Feature Fusion for Robust Face Recognition
Gabor features have been known to be effective for face recognition. However, only a few approaches utilize phase feature and they usually perform worse than those using magnitude feature. To investigate the potential of Gabor phase and its fusion with magnitude for face recognition, a new system for face recognition is developed based on the Gabor phase and magnitude with the Local binary patterns (LBP). Two features are fussed with nave fashion so that it can enhance the detection accuracy. The evaluation has been done on a set of face datasets and the fusion approach outperforms most of the state-of-the-art approaches.
Sequential Features for Face Recognition
This project aims to develop a robust face recognition system using sequential features. The developed technique extracts Discrete Wavelet Transformed (DWT) features from the raw image in the initial stage and the Principal component features will be extracted for the DWT features. These sequential features will have high discriminative capability and results in good detection accuracy. The developed algorithm is tested using ORL and Yale Datasets and the method shows higher detection rate as compared to state-of-the-art.
Kernel Based Automatic Traffic Sign Detection and Recognition Using SVM
This projects aim at automatic regulatory road-sign detection with the help of distance to borders (DtBs) and distance from centers (DfCs) feature vectors. Developed system is able to detect and recognize regulatory road signs and the recognition system is completely based on the generalization properties of Support Vector Machine (SVM). The system consists of following processes: segmentation according to the color of the pixel, traffic-sign detection by shape classification using linear SVM and content recognition based on Gaussian-kernel SVM. Evaluation shows high success rate and a very low amount of false positives in the final recognition stage.

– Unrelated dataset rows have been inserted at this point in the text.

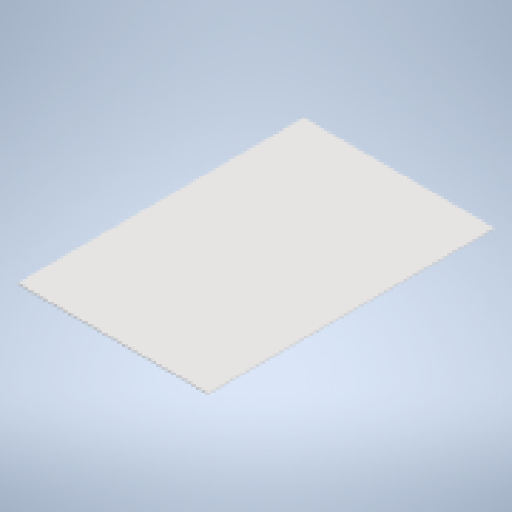
# Autodesk Inventor part: floor
Saved by Autodesk Inventor 2023.2 (Build 272271030, 271C)
## iProperties
Created: 2023-06-19
Part Number: floor
Material: Generic
Document SubType Name: Modeling
Designer: kao91
Density: 1 g/cm^3
Appearance: Default
Author: kao91
Autodesk Inventor part; units mm, degrees
ref_plane "YZ Plane" through (0, 0, 0) normal (1, 0, 0) x (0, 1, 0)
ref_plane "XZ Plane" through (0, 0, 0) normal (0, 1, 0) x (-1, 0, 0)
ref_plane "XY Plane" through (0, 0, 0) normal (0, 0, 1) x (1, 0, 0)
sketch "Sketch1" plane through (0, 0, 0) normal (0, 1, 0) x (-1, 0, 0)
  line L0 (92.6587, 169.6429) -> (-107.3413, 169.6429)
  line L1 (-107.3413, 169.6429) -> (-107.3413, -130.3571)
  line L2 (-107.3413, -130.3571) -> (92.6587, -130.3571)
  line L3 (92.6587, -130.3571) -> (92.6587, 169.6429)
  point P0 (0, 0)
  dimension "d0" = 300
  dimension "d1" = 200
  constraints: 8 end point, 2 parallel, 1 horizontal, 1 perpendicular
  measures "d0" distance of L2.end L0.start
  measures "d1" distance of L0.start L0.end
extrude "Extrusion1" add sketch "Sketch1" along normal blind 1
body "Solid1"
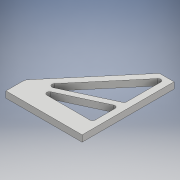
# Autodesk Inventor part: spoilerMount
Saved by Autodesk Inventor 2018.3 (Build 223284000, 284)
## iProperties
Created: 2018-06-23
Part Number: spoilerMount
Material: Generic
Document SubType Name: Modeling
Designer: mzhang
Density: 1 g/cm^3
Appearance: Default
Author: mzhang
Autodesk Inventor part; units mm, degrees
ref_plane "YZ Plane" through (0, 0, 0) normal (1, 0, 0) x (0, 1, 0)
ref_plane "XZ Plane" through (0, 0, 0) normal (0, 1, 0) x (-1, 0, 0)
ref_plane "XY Plane" through (0, 0, 0) normal (0, 0, 1) x (1, 0, 0)
sketch "Sketch1" plane through (0, 0, 0) normal (0, 0, 1) x (1, 0, 0)
  line L0 (0, 0) -> (60, 0)
  line L1 (60, 0) -> (60, 15)
  line L2 (60, 15) -> (0, 15)
  line L3 (0, 13.1718) -> (0, 0)
  line L4 (1.1793, 16.397) -> (51.1793, 75.6283)
  line L5 (60, 72.403) -> (60, 15)
  arc A0 (1.1793, 16.397) -> (0, 13.1718) centre (5, 13.1718) ccw
  arc A1 (60, 72.403) -> (51.1793, 75.6283) centre (55, 72.403) ccw
  dimension "d0" = 60
  dimension "d1" = 15
  dimension "d2" = 5
  constraints: 12 end point, 4 point on circle, 4 tangent, 2 centre point, 2 parallel, 2 point on line, 1 collinear, 1 equal radius, 1 horizontal, 1 perpendicular
  measures "d0" distance of L2.end L1.end
  measures "d1" distance of L1.end L0.end
  measures "d2" radius of A0
extrude "Extrusion1" add sketch "Sketch1" along normal blind 5
sketch "Sketch2" plane through (0, 0, 5) normal (0, 0, 1) x (1, 0, 0)
  arc A0 (1.1793, 16.397) -> (0, 13.1718) centre (5, 13.1718) ccw projected
  arc A1 (60, 72.403) -> (51.1793, 75.6283) centre (55, 72.403) ccw projected
  line L0 (5, 13.1718) -> (55, 72.403)
  line L1 (55, 72.403) -> (55, 13.1718)
  line L2 (55, 13.1718) -> (5, 13.1718)
  line L3 (10, 13.1718) -> (55, 34.0747)
  line L4 (8.2252, 16.9925) -> (55, 38.7198)
  point P0 (0, 0)
  constraints: 10 end point, 4 point on line, 1 parallel, 1 perpendicular, 1 vertical
extrude "Extrusion2" cut sketch "Sketch2" against normal up to surface (5 mm away) contours L0 L1 L4 | L3 L1 L2
fillet "Fillet1" radius 2 6 edges at (8.2252, 16.9925, 2.5) (10, 13.1718, 2.5) (55, 13.1718, 2.5) (55, 34.0747, 2.5) (55, 38.7198, 2.5) (55, 72.403, 2.5)
sketch "Sketch3" plane through (0, 0, 0) normal (0, 0, -1) x (-1, 0, 0)
  line L0 (-100.5339, 103.0883) -> (-24.3212, 103.0883)
  line L1 (-24.3212, 103.0883) -> (-24.3212, 72.403)
  line L2 (-24.3212, 72.403) -> (-100.5339, 72.403)
  line L3 (-100.5339, 72.403) -> (-100.5339, 103.0883)
  point P0 (0, 0)
  constraints: 8 end point, 2 parallel, 1 horizontal, 1 perpendicular
extrude "Extrusion3" cut sketch "Sketch3" against normal up to surface (5 mm away)
sketch "Sketch4" plane through (48.4567, 72.403, 0) normal (0, 1, 0) x (1, 0, 0)
  line L0 (5.3859, 0) -> (5.3859, -5) projected
  circle A0 centre (5.3859, -2.5) radius 1.5
  point P0 (-48.4567, 0)
  dimension "d10" = 3
  constraints: 1 centre point, 1 midpoint
  measures "d10" diameter of A0
extrude "Extrusion4" cut sketch "Sketch4" against normal blind 5
body "Solid1"

Face Recognition Technique Using PCA, LDA and Support Vector Machine
Feature representation and classification are two key steps required for face recognition. A novel method for face recognition is developed based on the combination of PCA (principal component analysis), LDA (linear discriminate analysis) and SVM (support vector machine). PCA and LDA combination is used for feature extraction and SVM is used for classification. The normalization had been done to eliminate redundant information interference previous to feature extraction. The experiments are tested using ORL face database and the evaluation section proves the robustness of the developed technique.